D-6.        Loans. Any outstanding loan on the Merger Date that had been made to an Alternative Apparel Participant under the Alternative Apparel Plan shall be maintained on and after the Merger Date under the Plan until all amounts of principal and interest thereon have been repaid. The terms and conditions relating to such outstanding loans shall continue as in existence prior to the Merger Date, but subject to all applicable Plan provisions and rules determined by the Committee.

 

 

 

 

D-7.        Distribution of Money Purchase Plan Benefits.
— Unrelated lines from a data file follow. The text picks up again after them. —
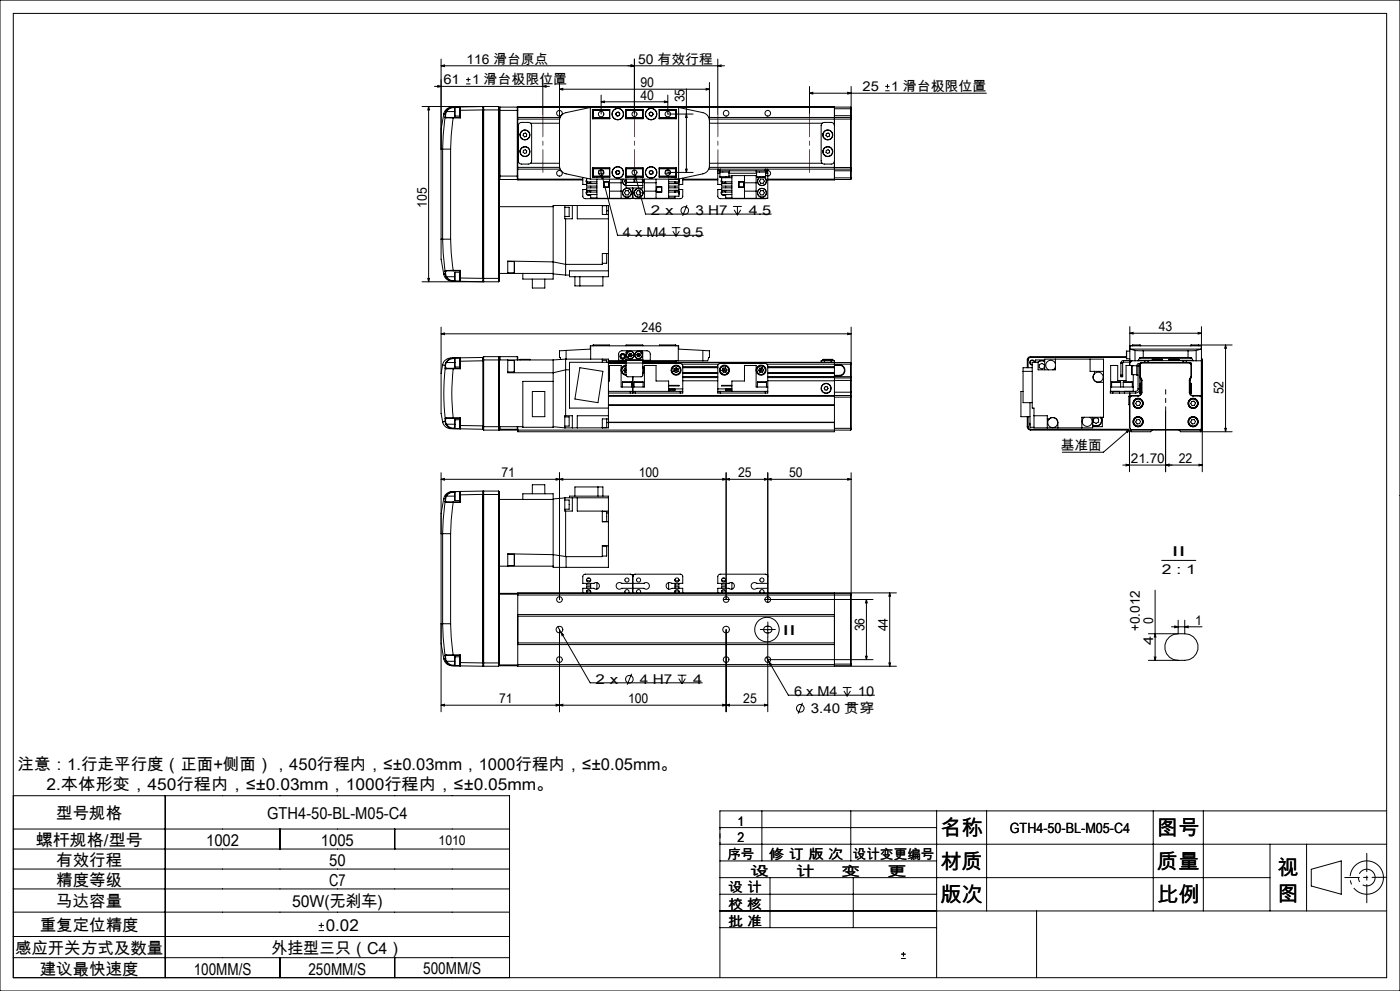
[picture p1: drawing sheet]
<svg xmlns="http://www.w3.org/2000/svg" width="420mm" height="297mm" viewBox="0 0 420 297" stroke-linecap="round" stroke-linejoin="round" font-family="sans-serif">
<g fill="none" stroke="#000" stroke-width=".3">
<path d="M0 0h420v297h-420zM4 4h412v289h-412zM132.3 19.7l1.1-.2v.5zM132.3 17.7v54M189.3 19.5l1 .2-1 .3zM190.3 17.7v16.5M215.3 19.7l1-.2v.5zM215.3 17.7v16.5M217.3 19.7h-85M128.6 31.9l.2 1h-.5zM128.6 31.9v52.6M130.4 25.9h34.4"/>
<path d="M131.3 25.6l1 .3-1 .2zM133.1 34.2l-.8 4.5v6h.5M133.1 34.2l.5 .1M133.5 35.1l-.5 5.4-.2 4.2M133.5 35.1l.3 .2M133.6 34.3l-.1 .8M133.7 35l-.2 .1M133.7 35l.2 .2M133.7 34.2v.8M133.7 34.2l-.1 .1M133.8 35.3h2.2M133.8 33.4l-.2 .9"/>
<path d="M133.8 33.4h.1M133.9 35.2h2.1M133.9 35.2l-.1 .1M133.9 33.4l-.2 .8M133.9 33.4h2.5M136 32.1h-.2a2.58 2.58 0 0 0-2.7 2.1M136 35.3l-.6 5.3-.2 4.1M136 35.2v.1M136 32.1l-1.1 .2-1.1 1.1M136 32.1v.1M136 32.2l-.9 .2-1.2 1M136 35.3h2.1"/>
<path d="M136 35.2h1.9M136 32.2h.4M136.5 32.1v2.7M136.5 32.1h1.4v3.1M136.5 34.8h1.4M137.9 33.1h.2M137.9 35.2l.2 .1M138.1 32.1v1M138.1 32.1l6.8-.2v1M138.1 32.1l-.2 .1M138.1 33.1v2.2M138.1 32.1h-2.1"/>
<path d="M139.8 25.1h1.3M139.8 23.8h1.3M140.5 23.2v1.3M144.9 32.2l.2-.3v52.6l-.2-.3M144.9 32.9v50.5M144.9 32.9l-6.8 .2M144.9 32.9h4.9M149.6 31.9v52.6M149.6 31.9l.2 .3v.9M149.6 31.9h-23M149.8 33.1v19.7M149.8 33.1h5.5"/>
<path d="M150 32.1v21.7M150 32.1h5.2M150 32.1l-.2 .1M155.2 32.1v21.7M155.2 32.1l.1 .1M155.3 32.2v.9M155.3 32.2v-.3h95v.3M155.3 32.2h.1M155.3 33.1v19.7M155.3 35.2h12.8M155.3 32.2h95M155.3 35.7h12.6"/>
<path d="M155.6 37.3l-.3 .6M155.8 37l.7-.3h2a.97 .97 0 0 1 1 1v10.5a.97 .97 0 0 1-1 1h-2a1.02 1.02 0 0 1-1-1v-10.5zM159.1 36.9h8.8M162.8 25.9l1-.3v.5zM162.8 23.9v10.3M167.9 26.7l.9-.2v.5zM167.9 24.7v25l.1 .9 .6 .8 .7 .6 7.8 1.7M167.9 26.7h44.9M167.9 36.2l.3-1.4 1.1-.9 7.8-1.7v21.5M177.7 35.2h.1M177.7 32.8h5.3v2.8h-5.3zM177.8 33.1v2.5"/>
<path d="M177.8 33.1h5M178 32.9v2.6M178 32.9h5M178 32.9l-.2 .2M178 35.5h5M178 35.5v.1M180.3 30.5l1-.2v.5zM180.3 28.5v5.7M180.3 30.5h20M182.8 32.9v2.6M182.8 35.3h-5l.2 .2M184.7 34.3l.4 .4"/>
<path d="M185 33.7l-.3 .6M185.6 33.7h-.6M185.6 33.7l.3 .4M185.7 34.6l-.6 .1M185.9 34.1l-.2 .5M187.7 32.8h5.2v2.8h-5.2zM187.7 32.9h5.2M187.7 35.5h5.2M187.8 32.9v2.6M187.8 33.1h5M187.8 35.3h5M192.8 32.9v2.6"/>
<path d="M194.8 34.1l.2 .5M195 34.6l.6 .1M195.1 33.7h.6M195.1 33.7l-.3 .4M195.7 33.7l.2 .6M195.9 34.3l-.3 .4M197.7 32.9h5M197.7 32.8h5.2v2.8h-5.2zM197.7 35.5h5M197.8 32.9v2.6M197.8 33.1h5M197.8 35.3h5l-.1 .2"/>
<path d="M199.3 30.3l1 .2-1 .3zM200.3 28.5v5.7h7.6M202.7 32.9v2.6M202.7 32.9l.1 .2M202.7 35.4v.2M202.8 33.1v2.5M202.8 35.2h.1M205.9 34.2l.3 1h-.5zM205.9 26.6v25.1M211.8 26.5l1 .2-1 .3zM212.6 35.2h42.6M212.8 24.7v25l-.1 .9-.6 .8-.8 .6-7.7 1.7"/>
<path d="M212.8 36.2l-.4-1.4-1.1-.9-7.7-1.7v21.5M212.8 36.9h33.9M242.9 27.9l.9-.2v.5zM242.9 25.9v8.3M242.9 27.9h53M250.3 34.7v16.5M250.3 34.7h5v.6M250.3 37.7a.96 .96 0 0 0-1-1h-2a.96 .96 0 0 0-1 1v10.5a.96 .96 0 0 0 1 1h2a.96 .96 0 0 0 1-1M250.3 32.2v2.5M250.3 32.1h4.9M254.3 27.7l1 .2-1 .3zM255.2 35.2v15.5"/>
<path d="M255.2 32.1v3.1M255.2 32.1l.1 .5h-5M255.2 35.2l.1 .1M255.3 35.3v.4h-42.5M255.3 25.9v24.3M265.6 27.2h1.3M265.6 25.9h1.3M266.2 25.2v1.3M132.8 44.7h2.4M132.8 44.7v27M135.2 44.7v27M149.8 52.8v30.6"/>
<path d="M149.8 52.8h5.5M149.8 53.7l.2 .1M150 53.8h5.2M155.3 52.8v.9M155.3 47.9l.3 .7M155.3 53.7v.2h19.5M155.3 53.7h.1M155.3 53.7h19.5M155.3 53.7l-.1 .1M155.3 50.7h12.8M155.3 50.2h12.6M157 45.1l.6-.2 .4 .3-.1 .6-.5 .2-.4-.4z"/>
<path d="M157 40.1l.6-.2 .4 .3-.1 .6-.5 .2-.4-.4zM159.1 48.9h8.8M174.8 53.2v2.1h1.2M176 53.8l-.1 .8 .5 .4M176 56.8h-1.2v2.1l.2 .4 .6 .2 13.8-.1M176 54.5a.61 .61 0 0 0 .6 .4 .61 .61 0 0 0 .6-.4M176 57.6a.61 .61 0 0 1 .6-.5 .61 .61 0 0 1 .6 .5M176 54.5h3.1M176 58.3h3.1M176 57.6h3.1M176 53.4v1.1M176 57.6v.7"/>
<path d="M176 54.1v.4M176 57.6v.4M176 58.3a.73 .73 0 0 0 1.1 0M176.2 58.3h.7M176.4 57l-.5 .5 .1 .7M176.8 57l.4 .3M177.1 53.7h26.5M177.2 54.7l-.4 .3M177.2 54.5v.5M177.2 55.8v.5M177.2 57v.6M177.2 58.3v1h1.9"/>
<path d="M177.7 53.1h.5M177.7 50.3h5.3v2.8h-5.3zM177.7 51.6h.1M177.7 51.2h.1M177.7 50.7h.1M177.8 50.3v2.5M177.8 52.8h5M177.8 52.8l.2 .1M178 50.4v2.5M178 50.4l-.2 .2h5M178 50.4h5M178 52.9h5"/>
<path d="M178 50.3v.1M178.2 53.1h-.1M178.2 52.9v.2M179.1 53.7v5.7h21.5v-5.7M179.1 56.3h-3.1v.7h3.1M179.1 55h-3.1v.8h3.1M179.1 52.9v.2M179.6 51.9h1.5M179.7 51.2h1.3M180.1 50.9l.5 1.6M180.6 52.5l.4 .9-.4 .1zM180.6 52.5l4.7 18h25.7"/>
<path d="M181.2 54.5h1.5v1.6h-1.5zM181.2 54.5v1.6h1.5v-1.6M182.8 50.4v2.7M182.8 53.7v5.7M182.8 54.8h3.5M182.8 57.3h3.5M184.8 51.5l.1 .6M184.9 52.1l.6 .1M185.2 51.1l-.4 .4M185.2 51.1l.6 .2M185.8 51.3l.1 .6M185.9 51.9l-.4 .3"/>
<path d="M186.3 53.7v5.7M187.7 53.7l-.3 .6 .4 .6M187.7 57.1h.8l.3 .7-.3 .6h-.8l-.3-.6zM187.7 50.3h5.2v2.8h-5.2zM187.7 50.4h5.2M187.7 52.9h5.2M187.7 53.1h.1M187.8 55.6v.7h5v-.7M187.8 55.6l-.2-.1a1.36 1.36 0 0 1-.7-1.8l-.1 .2a1.36 1.36 0 0 0 1 1.7M187.8 50.4v2.7M187.8 53.7v1.9M187.8 52.8h5"/>
<path d="M187.8 55.6h5M187.8 50.6h5M187.9 54.6l2.3 .1M187.9 54.6h2.3M187.9 53.7v.9M188.3 52.9v.2M189.8 56.3v3.1M190.1 51l3.6 13.2h37.7M190.2 54.7h.1M190.2 53.7v.9M190.4 54.6h2.3M190.4 53.7v.9"/>
<path d="M190.5 52.4l.5 .9-.5 .1zM191.2 57.1h.7l.4 .7-.4 .6h-.7l-.3-.6zM192.3 52.9v.2M192.7 53.7v.9M192.8 53.8v1M192.8 53.9v.7M192.8 50.4v2.7M192.8 53.7v1.9M192.8 53.1h.1M193.3 53.7v5.7M193.3 54.8h3.5M193.3 57.3h3.5"/>
<path d="M194.8 52l.5 .3M194.8 51.4v.6M195.3 51.1l-.5 .3M195.3 51.1l.5 .3M195.8 52l-.5 .3M195.8 51.4v.6M196.8 53.7v5.7M196.9 56h1.6v1.6h-1.6zM197 56.1h1.5v1.4h-1.5zM197.7 50.3h5.2v2.8h-5.2zM197.7 50.4h5M197.7 52.9h5"/>
<path d="M197.8 50.4v2.5M197.8 52.8h5M199.5 51.9h1.6M199.7 51.2h1.3M200.3 51.7h7.6M200.6 52.9v.2M200.6 53.8h3.1v.7h-3.1M200.6 55h3.1v.8h-3.1M200.6 56.3h3.1v.7h-3.1M200.6 57.6h3.1M201.5 53.1h.1M201.5 53.1h1.4"/>
<path d="M201.5 52.9v.2M202.5 54.7l.4 .3M202.5 57v.6a.61 .61 0 0 1 .6-.5 .61 .61 0 0 1 .6 .5M202.5 53.7h.1M202.5 55.8v.5M202.5 58.8v.5h-1.9M202.7 50.4v2.5M202.7 50.4l.1 .2h-5M202.7 50.3v.1M202.8 50.3v2.5M202.8 51.6h.1M202.8 51.2h.1"/>
<path d="M202.8 50.7h.1M202.8 52.8l-.1 .1M202.9 57l-.4 .3M202.9 53.7l-.2 .1M203.3 57l.5 .5-.1 .7M203.3 53.7l.1 .1M203.6 53.7v.1M203.7 54.5a.61 .61 0 0 1-.6 .4 .61 .61 0 0 1-.6-.4v.5M203.7 53.8l.1 .8-.5 .4M203.7 56.8h1.1v2.3l-.7 .4-13.9-.1M203.7 57.6v.4M203.7 54.1v.4"/>
<path d="M203.7 57.6v1.2h-3.1M204.8 53.4v1.9h-1.1M204.8 53.7h10.5M204.8 53.9h10.5M205.7 50.7h.5l-.3 1zM212.6 50.7h3.5M212.8 50.2h42.5M212.8 48.9h33.9M215.3 51.2h.8M215.3 51.2v.7M215.3 50.7v.5M215.3 51.9v3.4h1.2"/>
<path d="M215.3 51.9h.7M215.8 51.2v.4h3v-.4M216 53.1h2.7M216 51.6v1.5M216.1 50.7v.5M216.1 51.2h13.5M216.1 50.7h13.5M216.5 53.8l-.1 .8 .5 .4M216.5 56.8h-1.2v2.1l.2 .4 .6 .2 13.9-.1M216.5 54.5a.61 .61 0 0 0 .6 .4 .61 .61 0 0 0 .6-.4M216.5 57.6a.61 .61 0 0 1 .6-.5 .61 .61 0 0 1 .6 .5M216.5 57.6v.7"/>
<path d="M216.5 54.5h3.1M216.5 58.3h3.1M216.5 57.6h3.1M216.5 54.1v.4M216.5 57.6v.4M216.5 58.3a.73 .73 0 0 0 1.1 0M216.7 58.3h.7M216.9 57l-.5 .5 .1 .7M217.3 57l.4 .3M217.7 54.7l-.4 .3M217.7 53.1v.2M217.7 54.5v.5"/>
<path d="M217.7 55.8v.5M217.7 57v.6M217.7 58.3v1h1.9M218.7 51.6v1.5M218.7 52.8h.9M218.7 51.9h8.3M219.6 53.3h-3.1v1.2M219.6 55h-3.1v.8h3.1M219.6 56.3h-3.1v.7h3.1M221.7 54.5h1.5v1.6h-1.5zM221.7 54.5v1.6h1.5v-1.6M223.3 52.6v6.8"/>
<path d="M223.3 54.8h3.5M223.3 57.3h3.5M226.8 51.2v.4h3v-.4M226.8 52.6v6.8M227 53.1h2.7M227 51.6v1.5M228 53.1a1.35 1.35 0 0 0-.5 2 1.35 1.35 0 0 0 2.1 0 1.35 1.35 0 0 0-.4-2M228.1 53.1a1.31 1.31 0 0 0-.6 2 1.31 1.31 0 0 0 2.1 0 1.31 1.31 0 0 0-.5-2M228.2 53.7h.8l.3 .6-.3 .6h-.8l-.3-.6zM228.2 57.1h.8l.3 .7-.3 .6h-.8l-.3-.6zM229.6 51.2h.7M229.6 50.7h25.6"/>
<path d="M229.6 50.7v.5M229.7 51.6v1.5M229.7 52.6h.6M229.7 51.9h.6M230.3 51.2v.7M230.3 51.1a.85 .85 0 0 1 .9 .8 .85 .85 0 0 1-.9 .9M230.3 50.7v.5M230.3 51.9v7.5h-10.7v-6.8h7.4M230.3 53.7h20M247.9 40.1l.5-.2 .5 .3-.1 .6-.6 .2-.4-.4zM247.9 45.1l.5-.2 .5 .3-.1 .6-.6 .2-.4-.4zM250.3 53.7v.2h-20"/>
<path d="M250.3 51.2v2.5M250.3 53.8h4.9M250.3 51.2h5M250.3 53.3h5M255.2 50.7v3.1M255.3 50.2v.3M255.3 50.5v.7M255.3 53.3l-.1 .5M255.3 51.2v2.1M255.3 50.5l-.1 .2M132.3 71.7v6l.8 4.5M132.3 71.7h.5"/>
<path d="M132.8 71.7l.2 4.2 .5 5.4M132.8 71.7h2.4M135.2 71.7l.2 4.1 .6 5.2M149.8 61.9h16.1M152.3 78.4h2M154.3 78.4v3.4M169.4 62.1h1.3v2.8h-1.3M169.4 61.6v4h2.3v-4M169.7 65.6v16.8M173.2 61.6v4h9.3M180.7 61.7h1.3v2.6M180.7 61.6v2.7h1.8"/>
<path d="M182 76v2.9h-1.3M182 63.2h.5M182.5 63.2v1.1M182.5 63.2v-1.6h-16.6v22h-9.1v-1.7M182.5 64.3v18.6h-11.6v-1.7h11.6M182.5 76h-1.8v3.2h-11l-3.8-.7-13.6-.3v3.7M201.5 68.2h2.6M201.9 69.3l.9 1.5M202.8 68.2v2.6M203.8 69.3l-1 1.5M206.1 61.5l-1.3 3.2M219.9 61.9h2.6"/>
<path d="M220.2 62.9l1 1.6M221.2 61.9v2.6M222.2 62.9l-1 1.6M128.3 83.4h.5l-.2 1.1zM132.3 98v13.9M133.1 82.2a2.62 2.62 0 0 0 2.9 2.1M133.5 81.3l.2 .1M133.5 81.3l.1 .8M133.6 82.1l.1 .1M133.6 82.1l.2 .9M133.6 82.1l-.5 .1M133.7 81.4v.8"/>
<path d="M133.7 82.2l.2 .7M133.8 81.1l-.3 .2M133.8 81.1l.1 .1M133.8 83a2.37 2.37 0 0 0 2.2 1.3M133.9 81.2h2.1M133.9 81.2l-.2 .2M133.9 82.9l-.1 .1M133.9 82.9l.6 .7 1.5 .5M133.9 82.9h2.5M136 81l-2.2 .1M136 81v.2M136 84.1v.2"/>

Amounts held in an Alternative Apparel Participant’s Prior Money Purchase account under the Plan shall be distributed following the Alternative Apparel Participant’s Separation Date in accordance with Subparagraph 10.01(c) or by acquisition and distribution of an annuity contract providing for payment in such form and amount and at such time and under such conditions as would have been provided under the Alternative Apparel Plan. If an Alternative Apparel Participant is married and chooses payment of his or her Prior Money Purchase account under the Plan in a form other than a qualified joint and survivor annuity, his or her Spouse must consent to such election and such consent must be witnessed by a notary public.

 

D-8.        Committee’s Actions. The Committee shall take such actions as it deems necessary or desirable to accomplish the transfer as described in this Supplement D.

 

D-9.        Use of Terms. Terms used in this Supplement D shall, unless defined in this Supplement D or otherwise noted, have the meanings given to those terms in the Plan.